Closed bkj closed 4 years ago
I have a dataset of images which I want to use for DELF extraction. As far as I understood from this node the major steps of finetuning are:
Am I right?
@andrefaraujo @SunLoveSheep
I received model for the first stage as net, end_points = model.GetResnet50Subnetwork(images, global_pool=True, is_training=is_training, reuse=reuse)
How can I train it now? I should use checkpoint resnet_v1_50.ckpt as far as I understood
Hi @kuznetsoffandrey ,
If all you want is to extract features using our model that is pre-trained on a landmarks dataset, you can follow the instructions here.
In terms of training: the steps you list are correct. You should first fine-tune the Resnet50, then in a second training step train only the attention part. Once these two training steps are concluded, you can run inference by extracting the features from the network, applying post-processing and selecting them based on attention scores.
In terms of training it with tensorflow: since the model is trained in a classification setting, you can do it very similarly as one would train a model on Imagenet, for example. There are several tutorials online for how to do something like this, for example:
Thank you @andrefaraujo I successfully fine-tuned the Resnet50, but i am stuck with the second part. If I use keras, I should take the attention model from delf_v1, create the the same model in keras and then fine tune it with features created on the 1st step?
Yes, that's correct. If you fine-tuned the network, the next step is to train only the attention module, which you can do in a similar manner as your training for the first step, except that now all other layers should be frozen.
As I mentioned in a related question above: "For the second step: yes, AttentionModel is the right function to use. Be sure to set target_layer_type to resnet_v1_50/block3."
unfortunately I am not able to provide images. Some images were missing when we downloaded the dataset as well. This should be fine, since the dataset is usually only used for training.

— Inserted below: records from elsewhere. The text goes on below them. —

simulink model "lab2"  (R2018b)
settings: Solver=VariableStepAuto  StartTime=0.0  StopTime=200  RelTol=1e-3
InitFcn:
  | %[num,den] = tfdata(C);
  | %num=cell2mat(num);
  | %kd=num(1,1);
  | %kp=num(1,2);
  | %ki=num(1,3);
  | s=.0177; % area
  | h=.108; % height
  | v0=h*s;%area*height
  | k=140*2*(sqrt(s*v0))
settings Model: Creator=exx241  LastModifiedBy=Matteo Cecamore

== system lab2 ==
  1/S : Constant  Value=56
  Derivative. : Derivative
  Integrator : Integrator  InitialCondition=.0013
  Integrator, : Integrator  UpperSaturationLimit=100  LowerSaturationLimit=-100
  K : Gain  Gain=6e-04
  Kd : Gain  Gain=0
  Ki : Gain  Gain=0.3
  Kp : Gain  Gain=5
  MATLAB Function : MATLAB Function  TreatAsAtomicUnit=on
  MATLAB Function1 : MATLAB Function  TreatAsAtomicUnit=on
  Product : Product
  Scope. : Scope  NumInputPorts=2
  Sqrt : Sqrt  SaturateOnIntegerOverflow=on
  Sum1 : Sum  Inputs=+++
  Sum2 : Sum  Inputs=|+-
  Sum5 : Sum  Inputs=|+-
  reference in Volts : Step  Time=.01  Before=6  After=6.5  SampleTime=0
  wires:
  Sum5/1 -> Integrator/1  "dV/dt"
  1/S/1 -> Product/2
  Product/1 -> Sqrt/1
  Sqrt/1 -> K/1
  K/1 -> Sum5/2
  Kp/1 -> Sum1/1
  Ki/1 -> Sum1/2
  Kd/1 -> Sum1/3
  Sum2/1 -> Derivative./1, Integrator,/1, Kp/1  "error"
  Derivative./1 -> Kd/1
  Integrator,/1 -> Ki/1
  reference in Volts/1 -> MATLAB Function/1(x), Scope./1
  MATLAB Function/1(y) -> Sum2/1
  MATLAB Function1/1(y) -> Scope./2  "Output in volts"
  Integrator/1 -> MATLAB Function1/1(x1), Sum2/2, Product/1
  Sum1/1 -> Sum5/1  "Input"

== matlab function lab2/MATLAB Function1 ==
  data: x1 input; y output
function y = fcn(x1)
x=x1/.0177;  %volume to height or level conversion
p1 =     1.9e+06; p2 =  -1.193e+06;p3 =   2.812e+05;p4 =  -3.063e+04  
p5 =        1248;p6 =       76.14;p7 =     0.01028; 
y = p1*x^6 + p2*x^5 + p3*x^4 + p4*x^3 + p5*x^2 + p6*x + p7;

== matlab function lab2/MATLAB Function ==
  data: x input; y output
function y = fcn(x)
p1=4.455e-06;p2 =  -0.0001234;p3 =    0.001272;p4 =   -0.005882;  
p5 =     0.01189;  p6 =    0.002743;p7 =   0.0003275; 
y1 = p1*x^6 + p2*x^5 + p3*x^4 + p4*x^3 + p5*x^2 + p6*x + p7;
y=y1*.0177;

Hi @andrefaraujo , can you provide the images that you have downloaded? When I go to download the DIR's Landmark dataset, more urls are broken and I can only download around 20K images (compared with 35,382 images as you mentioned in the paper). I have also requested the authors of the DIR paper for help, but they didn't keep the images as well.
Hi @ArtanisCV,
Unfortunately I cannot provide images either. I would suggest that you use the Google Landmarks Dataset (https://www.kaggle.com/google/google-landmarks-dataset), which is a much larger and more comprehensive dataset.
@andrefaraujo hi, i want to know why in this project only use resnet50 even only use block3 as feature map, as know more deep network has much good performance as feature extractor? and the attention conv layer use which size kernel, and do different kernel size influence the final result?
@XiaodanLi001 hi i am trying to reimplement this paper use pytorch too, did you solve the problem upon, and can you share you code?
@mlinxiang Yes, possibly other deeper extractors may improve performance. For attention network kernel size, we have used 1 (as you can see in the code: https://github.com/tensorflow/models/blob/master/research/delf/delf/python/delf_v1.py#L85). We have not observed much difference by using larger values.
@andrefaraujo Hey, which optimizer did you use? Great work btw. :)
So i don't know if that helps, but Adam didn't work for me ;)
We are using momentum with parameter 0.9.
Am I clearly understand that each image descriptors are l2 normalizing independently or we normalizing each channel for few descriptors?
Each descriptor is normalized independently.
@andrefaraujo Hi, thanks for your code. I'm trying to use another dataset to train DELF. I have already finetuned the ResNet50 model successfully from the ImageNet pretrained model while get stuck with the second training stage. The AttentionModel function from delf_v1.py is the one I use to train attention module, with all the layers from ResNet frozen. Strangely after decreasing within a few steps, the loss dosen't change. I'm wondering what's the preprocessing and normalization of your input images? For example, should an image pixel be in the range [0, 1], [-1, 1] or [0, 255]?
The image pixel range should mainly depend on what you used in the finetuning stage -- ie, you should probably reuse the same convention, otherwise your Resnet-trained layers would likely not work properly. In our own code, we normalize to [-1, 1].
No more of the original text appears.